A minimal python implementation of minimax to solve Wordle puzzles
I've arbitrarily selected the word "BINGO" as the hidden word here.
The game Wordle (a hybrid between Hangman and Mastermind) has been making the rounds with many of my puzzle-nut friends lately, and as a fun-sucking computer scientist, I (obviously) wanted to write a program to beat it. Wordle has seen some huge growth and coverage (see the NYT article about it!) and as a fan of word games, I jumped in with relish.
In the game, players are given six guesses to find a hidden five letter English word. Players are only restricted to guessing words that are in the word list of the game (which, as far as I can tell, isn't public anywhere). I've got a Scrabble Dictionary text file with a fuck load of words in it, and I've pruned it down to the five letter words (all 12,292 of them) - this list is included in the repo.
Each time you guess a word, the game gives you Feedback (capitalization intended, this is a key concept for understanding my solver and so I've decided to Proper Noun that word). The Feedback tells you, for each letter you guessed, one of three possible outcomes: a) the guessed letter is in the hidden word in the correct position b) the guessed letter is in the hidden word, but out of position c) the guessed letter is not in the hidden word.
Notationally, we associate outcome a) with the '*' character, outcome b) with the '?' character, and outcome c) with the '.' character. For example, if you guessed the word ARIAS and the hidden word was actually SOLAR, you would get the Feedback "??.??" from the game engine: SOLAR contains an A, R, and S but none of them are in the right place.
This feedback is slightly different from Mastermind, where the game tells you how many pegs are correct or out of position. Wordle's a bit easier: each letter carries its own positional information. After playing a few days as a regular human brained guy, it's clear that the optimal strategy is to make early tradeoffs in favor of exploration over exploitation - even if you get the first few letters lucky/correct, it's generally smart to choose your second or third word to gain as much information as possible rather than capitalize on early correct letters. In general, this is a good strategy, but the issue, of course, is quantifying "how much information do I get by playing this word now?" This is the key insight to understanding how the program finds solutions quickly: the goal at each stage is to find the word that will rule out the most potential answers.

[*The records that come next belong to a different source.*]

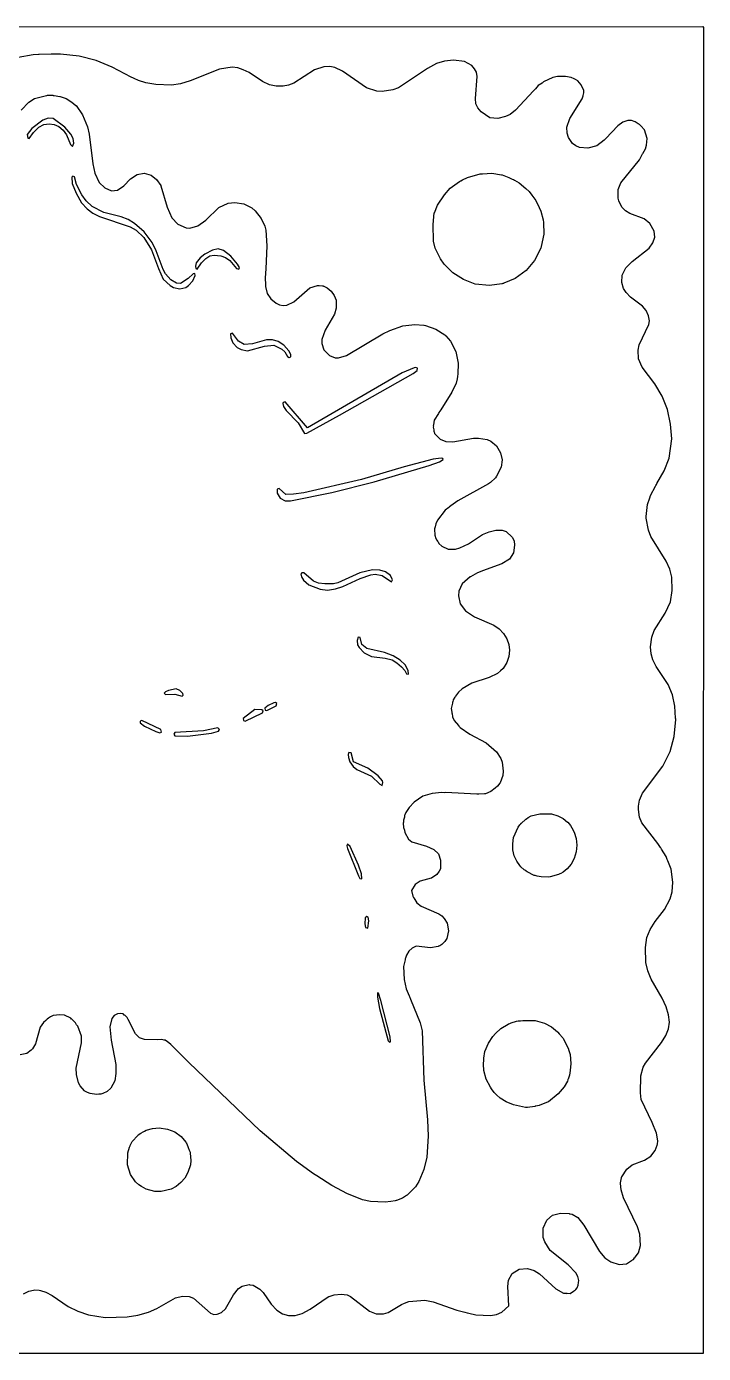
# Model space of a CAD drawing. Header units: millimetres. Extents: x 0 to 300, y 0 to 300.
# Drawn here: x 146.9 to 300, y 0 to 300 of the extents above; entities that cross this region are included whole.
import ezdxf

# ---------------------------------------------------------------- set-up
doc = ezdxf.new("R2010")
doc.units = ezdxf.units.MM
doc.layers.add('CUT', color=7, linetype='CONTINUOUS')

msp = doc.modelspace()

# ---------------------------------------------------------------- linework, layer by layer
at = {"layer": 'CUT'}
for points in [[(0, 0), (0, 299.9382), (299.8559, 299.9836), (300, 299.7807), (299.9382, 0)], [(157.3139, 272.8985), (157.5772, 273.6008), (157.4309, 274.6542), (156.9335, 275.6784), (155.5874, 277.2586), (152.9246, 279.1606), (151.7834, 279.2776), (150.6129, 278.8094), (148.0964, 276.9367), (147.0722, 275.5906), (147.16, 274.742), (147.5111, 274.6542), (148.4475, 276.0588), (149.7058, 277.2586), (150.8177, 277.8145), (151.9882, 277.9901), (153.1294, 277.8438), (154.2121, 277.3756), (155.1485, 276.5855), (155.9386, 275.4736), (156.8164, 273.3082)], [(161.7324, 259.321), (160.3571, 260.5793), (159.3915, 261.9253), (158.1917, 264.2663), (157.7235, 265.9927), (157.4016, 266.139), (157.109, 265.9342), (157.2553, 264.4711), (158.1039, 262.2764), (159.3329, 260.1403), (160.6205, 258.765), (161.908, 257.8286), (163.4296, 257.0678), (170.3647, 254.7269), (171.6815, 253.9368), (173.4079, 252.2981), (175.1636, 249.5182), (176.7438, 245.246), (177.8265, 242.905), (179.3774, 241.4127), (180.1089, 241.003), (181.572, 240.6811), (182.9473, 241.003), (183.5618, 241.4127), (184.4982, 242.5246), (185.0249, 243.6658), (184.9664, 244.134), (184.586, 244.1048), (183.474, 242.9928), (181.7476, 241.9101), (180.8405, 241.9394), (179.5529, 242.7002), (178.3532, 244.1048), (177.8265, 245.0412), (176.2171, 249.2841), (175.2807, 251.1569), (173.4665, 253.5856), (171.3011, 255.4877), (169.8672, 256.3655), (168.3164, 256.98), (164.366, 257.9457)], [(254.4057, 266.4414), (254.4515, 266.4335), (254.4971, 266.4256), (255.9661, 265.8773), (256.4335, 265.6561), (256.7665, 265.4985), (257.0084, 265.384), (257.2772, 265.2568), (258.3108, 264.6275), (259.8467, 263.3623), (260.5586, 262.7098), (261.1757, 261.8884), (262.0895, 260.6301), (262.8383, 259.1099), (263.1971, 258.2402), (263.7215, 256.2608), (263.784, 255.7183), (263.8834, 253.0272), (263.7796, 252.3555), (263.2151, 249.8637), (261.8136, 247.0904), (259.8727, 244.8292), (257.403, 243.0295), (254.8414, 241.9429), (254.7383, 241.9145), (254.5877, 241.8729), (254.457, 241.8368), (254.3864, 241.8173), (251.605, 241.4112), (248.3659, 241.7706), (245.6958, 242.7682), (243.3188, 244.2788), (241.3223, 246.2976), (240.4923, 247.4951), (239.2923, 249.8949), (238.9248, 251.4935), (238.8622, 255.2349), (239.128, 257.8617), (239.1293, 257.8668), (239.1296, 257.8682), (239.1299, 257.8693), (239.1302, 257.8706), (239.8601, 259.609), (241.4006, 261.9732), (242.7285, 263.429), (244.829, 264.9484), (245.0735, 265.0951), (245.1266, 265.1269), (245.1406, 265.1354), (245.5023, 265.3524), (246.5958, 265.8737), (249.5288, 266.6607), (250.0207, 266.7151), (252.105, 266.8161), (254.3075, 266.4584), (254.375, 266.4467)], [(185.4639, 245.0997), (186.4588, 246.5628), (187.4829, 247.5577), (188.3315, 248.1137), (189.2972, 248.2892), (190.8773, 248.1429), (191.9307, 247.7333), (192.8671, 247.0602), (194.3887, 245.246), (194.9155, 245.1289), (195.0325, 245.5094), (194.6228, 246.2994), (193.072, 248.0551), (191.4625, 249.3427), (190.2335, 249.7231), (188.946, 249.4597), (187.1903, 248.4941), (186.1954, 247.704), (185.259, 246.5335), (185.0834, 245.7727), (185.1712, 245.2753)], [(205.3034, 226.4306), (205.9472, 225.3771), (206.2984, 225.1723), (206.708, 225.3479), (206.6788, 225.8453), (206.2398, 226.6647), (205.1279, 227.9814), (203.7818, 228.8008), (202.5236, 229.1227), (201.2068, 229.1812), (197.988, 228.2741), (196.0859, 228.1278), (194.8277, 228.8593), (193.4524, 230.6735), (193.0427, 230.5272), (193.072, 229.6201), (193.5694, 228.4496), (194.5643, 227.4255), (195.4714, 226.9573), (196.876, 226.6354), (200.7093, 227.7181), (202.8162, 227.9229), (204.6012, 227.0743)], [(234.5361, 222.8313), (231.844, 221.6901), (210.4535, 209.2538), (205.3912, 215.1355), (204.9523, 215.0184), (204.8353, 214.7843), (204.9816, 214.1113), (205.5961, 213.2042), (208.3467, 210.4243), (209.7513, 207.9955), (210.278, 208.0833), (217.7105, 212.0922), (234.3313, 221.5731), (235.2091, 222.2168), (235.3262, 222.7143), (234.9751, 222.9191)], [(237.9598, 200.7386), (240.2715, 201.5872), (241.1201, 202.0846), (241.0323, 202.3187), (240.6811, 202.4358), (238.8962, 202.2017), (232.3415, 200.4752), (222.6558, 197.5783), (209.6342, 194.5936), (207.2933, 194.2424), (205.5668, 194.2132), (204.0452, 195.53), (203.6063, 195.4129), (203.577, 194.4765), (204.2793, 193.3938), (205.4205, 192.7501), (206.5617, 192.7793), (215.9255, 194.6521), (225.5234, 197.0808)], [(209.0782, 175.6026), (209.5757, 174.8418), (210.7169, 173.7591), (213.292, 172.7642), (214.9891, 172.5593), (216.8034, 172.8812), (218.4128, 173.4079), (222.3924, 175.1929), (224.7626, 176.0122), (225.7283, 176.1586), (227.3377, 175.8952), (229.4445, 174.4321), (229.6786, 174.9296), (229.1812, 175.8659), (228.0692, 176.7145), (226.8402, 177.0949), (225.1723, 177.1827), (222.2754, 176.4804), (217.3008, 174.198), (216.3059, 173.9932), (214.3454, 173.9932), (212.9408, 174.1687), (211.8289, 174.5784), (209.605, 176.4512), (209.166, 176.5097), (208.9612, 176.1586)], [(233.2779, 153.5976), (233.2193, 154.4169), (232.517, 155.6459), (231.4051, 156.7579), (229.7957, 157.7235), (227.8644, 158.4843), (223.8263, 159.3622), (222.7436, 160.2693), (222.3632, 161.8495), (221.895, 161.908), (221.6609, 161.2057), (221.7779, 160.2401), (222.0998, 159.567), (223.241, 158.3966), (224.9089, 157.5772), (227.9814, 157.1968), (229.5616, 156.7871), (230.6735, 156.1434), (231.6977, 155.2655), (232.4585, 154.4169), (232.8389, 153.6561)], [(182.3036, 148.7986), (182.245, 149.179), (181.6013, 149.9106), (180.7527, 150.2617), (179.0262, 149.9106), (178.3239, 149.5887), (178.0606, 149.2668), (178.3532, 149.0035), (180.4015, 149.0327), (182.128, 148.5938)], [(202.8452, 147.0746), (201.5808, 146.511), (200.7956, 145.893), (200.8505, 145.4269), (201.2787, 145.3355), (203.3463, 146.4335), (203.4885, 146.9087), (203.2387, 147.1312)], [(195.9428, 143.0811), (196.3636, 142.9639), (200.2464, 144.8154), (200.4076, 145.2795), (200.0998, 145.5317), (198.511, 145.5771), (195.9152, 143.5486)], [(177.3985, 140.4903), (177.2684, 141.0276), (172.9914, 143.1295), (172.6253, 142.9723), (172.5888, 142.5755), (173.5881, 141.849), (176.1315, 140.5916), (177.0411, 140.3057)], [(188.739, 140.2511), (190.3475, 140.6928), (190.562, 141.0733), (190.1355, 141.4291), (186.9103, 140.7762), (180.4103, 140.3888), (180.1794, 140.0269), (180.4572, 139.6598), (183.2948, 139.5262)], [(220.3148, 135.7771), (219.8174, 135.8649), (219.6125, 135.4259), (219.7003, 134.6944), (220.0515, 133.7873), (220.783, 132.7046), (221.6316, 132.0315), (224.9382, 130.5099), (226.811, 128.6957), (227.3669, 128.4031), (227.5133, 129.0468), (227.3962, 129.4858), (226.4598, 130.5685), (224.0603, 132.2949), (220.8708, 133.7873)], [(261.0323, 121.5151), (261.0558, 121.5255), (262.9811, 122.0269), (265.6193, 121.9667), (267.0343, 121.5752), (268.2729, 120.9405), (269.2634, 120.1253), (269.2688, 120.1204), (269.2762, 120.1137), (269.2875, 120.1036), (269.3108, 120.0825), (269.912, 119.352), (270.2533, 118.8593), (270.7816, 117.8283), (271.173, 116.4445), (271.3226, 114.892), (271.1755, 113.3952), (270.7609, 111.9339), (270.0467, 110.5953), (269.1644, 109.537), (268.2837, 108.8452), (267.742, 108.5437), (267.4985, 108.4231), (267.3572, 108.353), (267.1957, 108.2729), (267.1898, 108.27), (265.3315, 107.7529), (264.8665, 107.714), (263.2688, 107.7353), (262.3817, 107.9222), (261.9062, 108.0224), (261.7836, 108.0482), (261.7132, 108.0631), (260.1346, 108.9045), (259.8911, 109.0595), (259.7898, 109.124), (259.5648, 109.2673), (259.421, 109.3589), (258.7136, 110.0249), (258.4641, 110.3143), (257.7936, 111.268), (257.221, 112.5048), (256.9188, 113.832), (256.8588, 115.2169), (257.07, 116.6332), (258.1033, 118.9944), (258.4728, 119.4898), (258.6939, 119.7509), (258.7305, 119.7941), (258.7866, 119.8604), (258.8315, 119.9135), (259.7219, 120.6902), (259.8362, 120.7781), (259.8939, 120.8225), (259.9382, 120.8565), (260.3171, 121.1479)], [(219.5247, 115.1474), (219.3199, 114.7377), (219.4955, 114.1525), (221.9535, 107.9782), (222.2461, 107.3637), (222.7143, 107.3052), (222.6558, 108.4464), (221.9535, 110.407), (220.11, 114.6207)], [(224.2944, 97.7951), (224.1481, 98.6144), (223.8555, 98.7607), (223.5044, 98.4681), (223.4166, 97.0928), (223.5629, 96.2735), (224.0603, 96.1857)], [(227.0451, 79.799), (226.4891, 81.4377), (226.2843, 81.5254), (226.255, 80.5305), (226.7232, 78.014), (228.6837, 70.6985), (228.9764, 70.4059), (229.1812, 70.4644), (229.1519, 71.5764)], [(255.9295, 74.5029), (256.001, 74.5321), (256.1928, 74.6102), (256.5025, 74.7365), (257.7114, 75.1225), (258.1009, 75.1697), (258.2616, 75.1891), (258.6299, 75.2337), (259.1828, 75.3006), (261.9476, 75.2376), (264.041, 74.6967), (265.6545, 73.8188), (266.9703, 72.7316), (266.9901, 72.7088), (267.0571, 72.6317), (267.3621, 72.2809), (268.1799, 71.3405), (268.2973, 71.1976), (269.1526, 69.4526), (269.412, 68.9235), (269.4543, 68.8373), (269.4979, 68.7482), (269.8305, 67.5543), (269.9751, 65.5864), (269.9751, 65.5844), (269.975, 65.5778), (269.975, 65.5644), (269.975, 65.5269), (269.8797, 63.988), (269.6806, 62.9369), (269.4802, 62.2451), (269.3849, 62.0065), (269.3542, 61.9295), (269.3317, 61.8732), (269.2109, 61.5705), (268.4937, 60.2917), (267.1514, 58.6862), (264.9584, 56.9116), (264.872, 56.8697), (262.834, 56.083), (262.0812, 55.8928), (262.0385, 55.887), (261.9116, 55.8696), (261.8713, 55.8641), (260.2061, 55.637), (259.7255, 55.6264), (257.02, 56.185), (255.3823, 56.881), (254.0048, 57.7226), (253.1797, 58.4608), (252.6574, 59.0166), (252.0388, 59.8081), (251.8035, 60.1833), (250.8736, 61.9919), (250.3617, 63.9809), (250.3212, 64.3361), (250.2807, 65.0479), (250.315, 66.7412), (250.5752, 68.2391), (251.3526, 70.1821), (252.3549, 71.6633), (252.355, 71.6634), (252.3561, 71.6646), (252.3573, 71.6659), (252.9742, 72.3422), (254.1324, 73.4403), (255.8383, 74.4658)], [(175.3615, 50.8602), (176.8951, 50.9803), (178.7938, 50.7376), (180.4649, 50.0811), (181.8637, 49.0732), (182.9212, 47.7816), (183.0243, 47.6302), (183.153, 47.3617), (183.4534, 46.5785), (183.6823, 45.9817), (183.7548, 45.7927), (183.8784, 45.4704), (183.9127, 45.3114), (184.0427, 43.6369), (183.9921, 42.6494), (183.4012, 40.882), (182.6791, 39.6474), (181.8055, 38.6234), (180.7539, 37.7815), (179.6082, 37.1193), (177.3321, 36.6096), (175.8834, 36.6073), (173.9453, 37.1775), (172.8896, 37.7534), (172.3009, 38.1165), (171.5725, 38.7644), (170.3921, 40.4759), (169.7528, 42.6083), (169.8078, 45.338), (170.1836, 46.6668), (170.3302, 46.9739), (170.3436, 47.0021), (170.352, 47.0196), (170.3537, 47.0232), (170.8083, 47.9104), (172.0444, 49.288), (172.1735, 49.3942), (172.7738, 49.7745), (173.3041, 50.1105), (173.4019, 50.1724), (173.5441, 50.2625), (173.9465, 50.4686)]]:
    msp.add_lwpolyline(points, close=True, dxfattribs=at)
for points in [[(146.2322, 13.4744), (147.4013, 14.0943), (148.4382, 14.3215), (148.4397, 14.3217), (148.443, 14.3221), (148.4617, 14.3246), (148.7793, 14.3663), (149.777, 14.2944), (150.0306, 14.2564), (151.2785, 13.8603), (152.7129, 13.1136), (156.2926, 10.5928), (158.4909, 9.5367), (160.9225, 8.7245), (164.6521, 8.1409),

Algorithmically, here's the rough plotline: we're going to keep track of a list of valid words given the information we have so far. This list starts as the entire 12,292 word collection. As we learn new information, we remove words from this valid word list. At each step of the way, we'll compute our Best Guess for the current word list based on some minimax search. Then, we'll ask the engine for Feedback on our Best Guess, and with that feedback perform a pruning step. The premise here is to make each pruning step as large as possible.
You can count the number of potential feedback strings for each pair of words with a straightforward combinatorial argument: in our case, all of the words are the same length (5 letters), so the number of potential Feedback strings is 3 ^ 5 = 243, which conveniently will all fit in one byte (256). To save time later during the Minimax search step, we precompute the Feedback for each (guess, hidden_word) pair and store them in a table on disk. This will be a 12,292 x 12,292 table with each Feedback entry taking one byte to store (nice property of length-five words!) Because I can't figure out git large file storage today, you'll have to do this precomputation step - it takes about three or four minutes on my computer, which admittedly is a potato.
Interestingly enough, after running the Best Guess function over the entire word list, it comes up with ARISE (or, more exotically, SERAI) as the best starting word to maximize your information gain. This makes gut-check sense to me - it gets three vowels as well as the two most common consonants in play immediately.
You need numpy installed because I'm lazy. To start, generate the feedback_pairs.npy file with
$ python precompute.py
To actually run the solver, execute
$ python solver.py
and follow the instructions. The first word is optimally "ARISE", so try that out in the text field.
- Are there any words that, when played optimally like this (starting from ARISE), are not solvable in the six guesses you're alotted?
- What's the word that has the longest number of guesses to get it?
- What's the average number of guesses to get a word?